I did squats for high reps today.

155 pounds.

----------


## swolehead

not in my maxing phase yet stI'll doing tripple but making good progress this cycle each working set of tripple contantly up 10 or 20 pounds per week right now at 345 bench for 3 425 squat for 3 545 deadlift for 3

----------


## Nubster

260# 39 years old. Been back lifting two months after 8 year off. Hit 400 on the bench this past Sunday. Haven't squatted or deadlifted much due to herniated disc in my back (no pain, just scared) but now I'm hooked up with a legit group of lifters that are going to help me work with that injury and start doing those lifts. My ultimate goal is 500 bench and I'd be happy as hell to hit 500 in the dead and squat for a 1500 total and maybe mess around in some submaster class comps, even though I know that total would get smashed.

----------


## swolehead

> 260# 39 years old. Been back lifting two months after 8 year off. Hit 400 on the bench this past Sunday. Haven't squatted or deadlifted much due to herniated disc in my back (no pain, just scared) but now I'm hooked up with a legit group of lifters that are going to help me work with that injury and start doing those lifts. My ultimate goal is 500 bench and I'd be happy as hell to hit 500 in the dead and squat for a 1500 total and maybe mess around in some submaster class comps, even though I know that total would get smashed.

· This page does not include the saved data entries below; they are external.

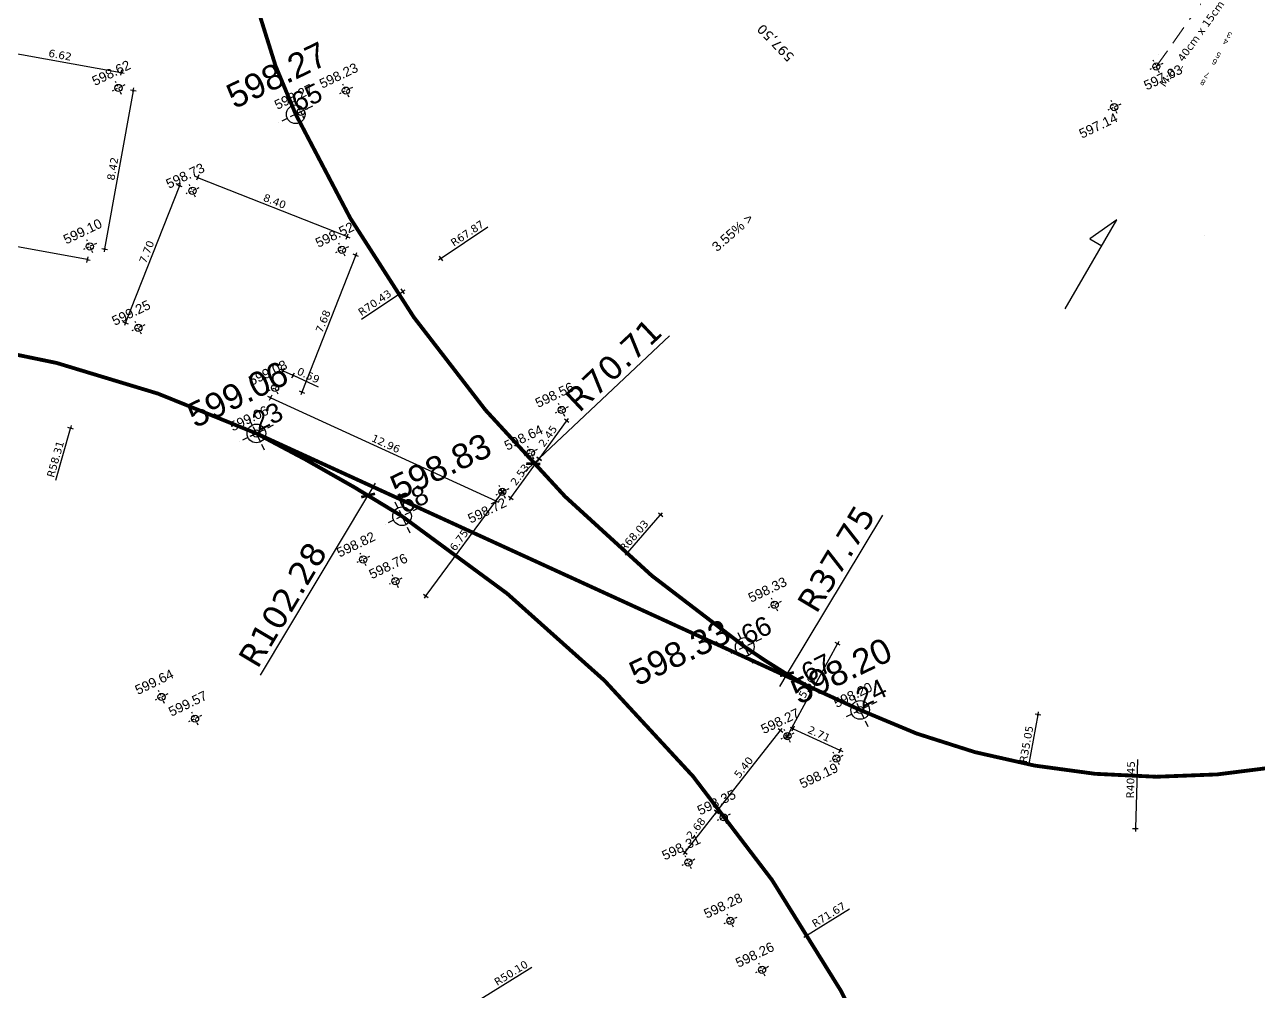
# Model space of a CAD drawing. Header units: metres. Extents: x 679716 to 681053, y 2749449 to 2750332.
# Drawn here: x 680384.2 to 680448.7, y 2750016.5 to 2750067 of the extents above; entities that cross this region are included whole.
import ezdxf
from ezdxf.enums import TextEntityAlignment as Align

# ---------------------------------------------------------------- set-up
doc = ezdxf.new("R2010")
doc.units = ezdxf.units.M
doc.header["$PDSIZE"] = -1
doc.linetypes.add('DASHEDX2', pattern=[1.5, 1, -0.5])
for name, color, linetype in [('01-TX-Altimetry 250 Topography', 51, 'Continuous'), ('01-TX-Length Dimensions 250', 80, 'Continuous'), ('01-TX-Level Main Dimensions 250', 152, 'Continuous'), ('01-TX-Level Secondary Dimensions 250', 10, 'Continuous'), ('01-TX-Main Altimetry 1000', 242, 'Continuous'), ('01-TX-Main Dimensions 250', 150, 'Continuous'), ('01-TX-Secondary Altimetry 1000', 152, 'Continuous'), ('01-TX-Secondary Dimensions 1000', 152, 'Continuous'), ('01-TX-Slopes__', 140, 'Continuous')]:
    doc.layers.add(name, color=color, linetype=linetype)
for name, color, linetype, lineweight in [('02-L-Axis', 253, 'DASHEDX2', 20), ('02-L-Main Axis POINTS', 242, 'DASHEDX2', 50), ('02-L-Secondary Axis POINTS', 152, 'DASHEDX2', 50)]:
    doc.layers.add(name, color=color, linetype=linetype, lineweight=lineweight)
doc.layers.add('02-L-Main Axis', color=244, linetype='DASHEDX2', lineweight=50, true_color=0xa50029)
doc.layers.add('02-L-Secondary Axis', color=154, linetype='DASHEDX2', lineweight=50, true_color=0x0052a5)
doc.layers.add('03-BK-Arrow', color=153, linetype='Continuous', true_color=0x4491cf)
doc.styles.add('E100', font='verdana.ttf', dxfattribs={"height": 0.4})
doc.styles.add('E200', font='verdana.ttf', dxfattribs={"height": 1})
doc.styles.add('E500', font='verdana.ttf', dxfattribs={"height": 1.25})
doc.styles.get("Standard").update_dxf_attribs({"font": 'arial.ttf'})
doc.dimstyles.new('E1000', dxfattribs={"dimscale": 0.03, "dimtxt": 1.25, "dimasz": 1, "dimexe": 0.1, "dimexo": 1, "dimgap": 8, "dimtad": 1, "dimzin": 0, "dimdsep": 46, "dimtxsty": 'E500', "dimblk1": 'LINCOT500', "dimblk2": 'LINCOT500', "dimsah": 1, "dimcen": 0.1, "dimdle": 0.1, "dimse1": 1, "dimse2": 1, "dimclrt": 256, "dimazin": 0, "dimtfac": 0.015385, "dimtofl": 0, "dimtmove": 0, "dimatfit": 3, "dimldrblk": 'LINCOT500', "dimfxl": 1, "dimtolj": 1, "dimtzin": 0, "dimarcsym": 0})
doc.dimstyles.new('E250', dxfattribs={"dimscale": 0.03, "dimtxt": 0.4, "dimasz": 0.5, "dimexe": 0.1, "dimexo": 1, "dimgap": 4, "dimtad": 1, "dimzin": 0, "dimdsep": 46, "dimtxsty": 'E100', "dimblk1": 'LINCOT200', "dimblk2": 'LINCOT200', "dimsah": 1, "dimcen": 0.1, "dimdle": 0.1, "dimse1": 1, "dimse2": 1, "dimclrt": 256, "dimadec": 0, "dimazin": 0, "dimtfac": 0.015385, "dimtofl": 0, "dimtmove": 0, "dimatfit": 3, "dimldrblk": 'LINCOT200', "dimfxl": 1, "dimtolj": 1, "dimtzin": 0, "dimarcsym": 0})

# ---------------------------------------------------------------- blocks, each defined once
blk = doc.blocks.new('Cotes Altimetriques')
at = {"linetype": 'DASHEDX2', "ltscale": 0.5}
for points in [[(0, -1.5), (0, 1.5)], [(1.5, 0), (-1.5, 0)]]:
    blk.add_lwpolyline(points, dxfattribs=at)
blk.add_circle((0, 0), 0.75)
at = {"ltscale": 0.3}
blk.add_attdef('COTES', text='', height=2, dxfattribs=at).set_placement((0, 3.5), align=Align.MIDDLE)
blk = doc.blocks.new('*U328')
at = {"linetype": 'DASHEDX2', "ltscale": 0.5}
for points in [[(1.5, 0), (-1.5, 0)], [(0, -1.5), (0, 1.5)]]:
    blk.add_lwpolyline(points, dxfattribs=at)
blk.add_circle((0, 0), 0.75)
at = {"ltscale": 0.3}
blk.add_attdef('COTES', text='', height=2, dxfattribs=at).set_placement((-4.56, -2.11), align=Align.MIDDLE)
blk = doc.blocks.new('*U149')
at = {"linetype": 'DASHEDX2', "ltscale": 0.5}
for points in [[(1.5, 0), (-1.5, 0)], [(0, -1.5), (0, 1.5)]]:
    blk.add_lwpolyline(points, dxfattribs=at)
blk.add_circle((0, 0), 0.75)
at = {"ltscale": 0.3}
blk.add_attdef('COTES', text='', height=2, dxfattribs=at).set_placement((0.28, -2.65), align=Align.MIDDLE)
blk = doc.blocks.new('LINCOT200')
for p, q in [((0, -10), (0, 10)), ((0, 0), (10, 0))]:
    blk.add_line(p, q)
at = {"const_width": 1.88}
blk.add_lwpolyline([(3.5, -3.5), (-3.5, 3.5)], dxfattribs=at)
blk = doc.blocks.new('*D318')
at = {"layer": '01-TX-Length Dimensions 250', "color": 0, "lineweight": -2, "transparency": 16777216}
blk.add_line((680397.047, 2750047.524), (680408.807, 2750042.139), dxfattribs=at)
at = {"layer": '01-TX-Length Dimensions 250', "color": 0, "lineweight": -2, "transparency": 16777216, "xscale": 0.015, "yscale": 0.015, "zscale": 0.015}
for p, rotation in [((680397.033, 2750047.531), 155.394804351356), ((680408.821, 2750042.133), 335.394804351356)]:
    blk.add_blockref('LINCOT200', p, dxfattribs=dict(at, rotation=rotation))
at = {"layer": '01-TX-Length Dimensions 250', "transparency": 16777216, "insert": (680403.064, 2750045.13), "char_height": 0.4, "attachment_point": 5, "rotation": 335.3948, "style": 'E100'}
blk.add_mtext('\\A1;12.96', dxfattribs=at)
blk = doc.blocks.new('*D322')
at = {"layer": '01-TX-Length Dimensions 250', "color": 0, "lineweight": -2, "transparency": 16777216}
blk.add_line((680409.599, 2750042.305), (680411.068, 2750044.332), dxfattribs=at)
at = {"layer": '01-TX-Length Dimensions 250', "color": 0, "lineweight": -2, "transparency": 16777216, "xscale": 0.015, "yscale": 0.015, "zscale": 0.015}
for p, rotation in [((680411.077, 2750044.344), 54.06854722015043), ((680409.591, 2750042.293), 234.0685472201504)]:
    blk.add_blockref('LINCOT200', p, dxfattribs=dict(at, rotation=rotation))
at = {"layer": '01-TX-Length Dimensions 250', "transparency": 16777216, "insert": (680410.068, 2750043.511), "char_height": 0.4, "attachment_point": 5, "rotation": 54.06855, "style": 'E100'}
blk.add_mtext('\\A1;2.53', dxfattribs=at)
blk = doc.blocks.new('*D323')
at = {"layer": '01-TX-Length Dimensions 250', "color": 0, "lineweight": -2, "transparency": 16777216}
blk.add_line((680411.086, 2750044.356), (680412.505, 2750046.315), dxfattribs=at)
at = {"layer": '01-TX-Length Dimensions 250', "color": 0, "lineweight": -2, "transparency": 16777216, "xscale": 0.015, "yscale": 0.015, "zscale": 0.015}
for p, rotation in [((680412.514, 2750046.327), 54.06854719293056), ((680411.077, 2750044.344), 234.0685471929305)]:
    blk.add_blockref('LINCOT200', p, dxfattribs=dict(at, rotation=rotation))
at = {"layer": '01-TX-Length Dimensions 250', "transparency": 16777216, "insert": (680411.53, 2750045.528), "char_height": 0.4, "attachment_point": 5, "rotation": 54.06855, "style": 'E100'}
blk.add_mtext('\\A1;2.45', dxfattribs=at)
blk = doc.blocks.new('*D331')
at = {"layer": '01-TX-Length Dimensions 250', "color": 0, "lineweight": -2, "transparency": 16777216}
for p, q in [((680462.331, 2750092.492), (680462.337, 2750092.492)), ((680462.334, 2750092.489), (680462.334, 2750092.495)), ((680401.784, 2750051.63), (680403.943, 2750053.087))]:
    blk.add_line(p, q, dxfattribs=at)
at = {"layer": '01-TX-Length Dimensions 250', "color": 0, "lineweight": -2, "transparency": 16777216, "xscale": 0.015, "yscale": 0.015, "zscale": 0.015, "rotation": 34.013872963524}
blk.add_blockref('LINCOT200', (680403.955, 2750053.095), dxfattribs=at)
at = {"layer": '01-TX-Length Dimensions 250', "transparency": 16777216, "insert": (680402.482, 2750052.497), "char_height": 0.4, "attachment_point": 5, "rotation": 34.01387, "style": 'E100'}
blk.add_mtext('\\A1;R70.43', dxfattribs=at)
blk = doc.blocks.new('*D337')
at = {"layer": '01-TX-Length Dimensions 250', "color": 0, "lineweight": -2, "transparency": 16777216}
blk.add_line((680424.357, 2750030.228), (680426.795, 2750029.111), dxfattribs=at)
at = {"layer": '01-TX-Length Dimensions 250', "color": 0, "lineweight": -2, "transparency": 16777216, "xscale": 0.015, "yscale": 0.015, "zscale": 0.015}
for p, rotation in [((680424.343, 2750030.234), 155.3948043625613), ((680426.809, 2750029.105), 335.3948043625613)]:
    blk.add_blockref('LINCOT200', p, dxfattribs=dict(at, rotation=rotation))
at = {"layer": '01-TX-Length Dimensions 250', "transparency": 16777216, "insert": (680425.711, 2750029.965), "char_height": 0.4, "attachment_point": 5, "rotation": 335.3948, "style": 'E100'}
blk.add_mtext('\\A1;2.71', dxfattribs=at)
blk = doc.blocks.new('*D341')
at = {"layer": '01-TX-Length Dimensions 250', "color": 0, "lineweight": -2, "transparency": 16777216}
blk.add_line((680442.353, 2750028.624), (680442.246, 2750025.035), dxfattribs=at)
at = {"layer": '01-TX-Length Dimensions 250', "color": 0, "lineweight": -2, "transparency": 16777216, "xscale": 0.015, "yscale": 0.015, "zscale": 0.015, "rotation": 268.2865346515985}
blk.add_blockref('LINCOT200', (680442.246, 2750025.02), dxfattribs=at)
at = {"layer": '01-TX-Length Dimensions 250', "transparency": 16777216, "insert": (680441.994, 2750027.569), "char_height": 0.4, "attachment_point": 5, "rotation": 88.28653, "style": 'E100'}
blk.add_mtext('\\A1;R40.45', dxfattribs=at)
blk = doc.blocks.new('*D358')
at = {"layer": '01-TX-Length Dimensions 250', "color": 0, "lineweight": -2, "transparency": 16777216}
blk.add_line((680423.734, 2750124.099), (680420.34, 2750124.691), dxfattribs=at)
at = {"layer": '01-TX-Length Dimensions 250', "color": 0, "lineweight": -2, "transparency": 16777216, "xscale": 0.015, "yscale": 0.015, "zscale": 0.015, "rotation": 170.1027913468755}
blk.add_blockref('LINCOT200', (680420.325, 2750124.694), dxfattribs=at)
at = {"layer": '01-TX-Length Dimensions 250', "transparency": 16777216, "insert": (680422.571, 2750124.635), "char_height": 0.4, "attachment_point": 5, "rotation": 350.10279, "style": 'E100'}
blk.add_mtext('\\A1;R530.43', dxfattribs=at)
blk = doc.blocks.new('*U369')
at = {"linetype": 'DASHEDX2', "ltscale": 0.5}
for points in [[(1.5, 0), (-1.5, 0)], [(0, -1.5), (0, 1.5)]]:
    blk.add_lwpolyline(points, dxfattribs=at)
blk.add_circle((0, 0), 0.75)
at = {"ltscale": 0.3}
blk.add_attdef('COTES', text='', height=2, dxfattribs=at).set_placement((-4.87, -1.62), align=Align.MIDDLE)
blk = doc.blocks.new('*D394')
at = {"layer": '01-TX-Length Dimensions 250', "color": 0, "lineweight": -2, "transparency": 16777216}
blk.add_line((680409.143, 2750042.599), (680405.156, 2750037.189), dxfattribs=at)
at = {"layer": '01-TX-Length Dimensions 250', "color": 0, "lineweight": -2, "transparency": 16777216, "xscale": 0.015, "yscale": 0.015, "zscale": 0.015}
for p, rotation in [((680409.152, 2750042.611), 53.61053229214569), ((680405.147, 2750037.176), 233.6105322921457)]:
    blk.add_blockref('LINCOT200', p, dxfattribs=dict(at, rotation=rotation))
at = {"layer": '01-TX-Length Dimensions 250', "transparency": 16777216, "insert": (680406.886, 2750040.088), "char_height": 0.4, "attachment_point": 5, "rotation": 53.61053, "style": 'E100'}
blk.add_mtext('\\A1;6.75', dxfattribs=at)
blk = doc.blocks.new('*D412')
at = {"layer": '01-TX-Length Dimensions 250', "color": 0, "lineweight": -2, "transparency": 16777216}
blk.add_line((680471.329, 2750055.155), (680473.966, 2750053.599), dxfattribs=at)
at = {"layer": '01-TX-Length Dimensions 250', "color": 0, "lineweight": -2, "transparency": 16777216, "xscale": 0.015, "yscale": 0.015, "zscale": 0.015, "rotation": 329.4474120950774}
blk.add_blockref('LINCOT200', (680473.979, 2750053.591), dxfattribs=at)
at = {"layer": '01-TX-Length Dimensions 250', "transparency": 16777216, "insert": (680472.555, 2750054.813), "char_height": 0.4, "attachment_point": 5, "rotation": 329.44741, "style": 'E100'}
blk.add_mtext('\\A1;R493.31', dxfattribs=at)
blk = doc.blocks.new('*D416')
at = {"layer": '01-TX-Length Dimensions 250', "color": 0, "lineweight": -2, "transparency": 16777216}
for p, q in [((680445.831, 2750055.997), (680445.837, 2750055.997)), ((680445.834, 2750055.994), (680445.834, 2750056)), ((680462.296, 2750033.333), (680460.711, 2750035.515))]:
    blk.add_line(p, q, dxfattribs=at)
at = {"layer": '01-TX-Length Dimensions 250', "color": 0, "lineweight": -2, "transparency": 16777216, "xscale": 0.015, "yscale": 0.015, "zscale": 0.015, "rotation": 125.9927391132403}
blk.add_blockref('LINCOT200', (680460.703, 2750035.527), dxfattribs=at)
at = {"layer": '01-TX-Length Dimensions 250', "transparency": 16777216, "insert": (680461.936, 2750034.388), "char_height": 0.4, "attachment_point": 5, "rotation": 305.99274, "style": 'E100'}
blk.add_mtext('\\A1;R25.30', dxfattribs=at)
blk = doc.blocks.new('*D417')
at = {"layer": '01-TX-Length Dimensions 250', "color": 0, "lineweight": -2, "transparency": 16777216}
for p, q in [((680443.452, 2750065.454), (680443.458, 2750065.454)), ((680443.455, 2750065.451), (680443.455, 2750065.457)), ((680436.673, 2750028.32), (680437.155, 2750030.958))]:
    blk.add_line(p, q, dxfattribs=at)
at = {"layer": '01-TX-Length Dimensions 250', "color": 0, "lineweight": -2, "transparency": 16777216, "xscale": 0.015, "yscale": 0.015, "zscale": 0.015, "rotation": 79.65032745605353}
blk.add_blockref('LINCOT200', (680437.158, 2750030.973), dxfattribs=at)
at = {"layer": '01-TX-Length Dimensions 250', "transparency": 16777216, "insert": (680436.542, 2750029.426), "char_height": 0.4, "attachment_point": 5, "rotation": 79.65033, "style": 'E100'}
blk.add_mtext('\\A1;R35.05', dxfattribs=at)
blk = doc.blocks.new('*D418')
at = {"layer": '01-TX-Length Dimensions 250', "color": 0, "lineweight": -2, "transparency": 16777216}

I bet your squat abd deadlift will be higher after you break that mental barrier

----------


## Docd187123

I have 18 days until I get a platform total.

----------


## The Deadlifting Dog

> I have 18 days until I get a platform total.


2 months for me.

----------


## Docd187123

> 2 months for me.


Peaking now?

----------


## Khazima

> I have 18 days until I get a platform total.





> 2 months for me.


9 Days here.

----------


## Docd187123

> 9 Days here.


Good luck man!

----------


## Khazima

> Good luck man!


Cheers brother, you too!

----------


## swolehead

good luck guys any ideas for your openers and what you wana walk out with for final lifts

----------


## qscgugcsq

> good luck guys any ideas for your openers and what you wana walk out with for final lifts


I did a squat PR monday and friday I have 315 to do for the bench and probably will get it.

So with GYM PR
405 squat
305 bench(until friday)
500 deadlift

I guess my first attemp would be
385 Squat
300 bench
485 deadlift

Second would be my actual PR
405
315
500

And final lift depends on how it goes...
If they were easy i would try +10-20lbs
If hard 5-10lbs.

It is just my estimatation I havent done my first comp yet so im not experimented.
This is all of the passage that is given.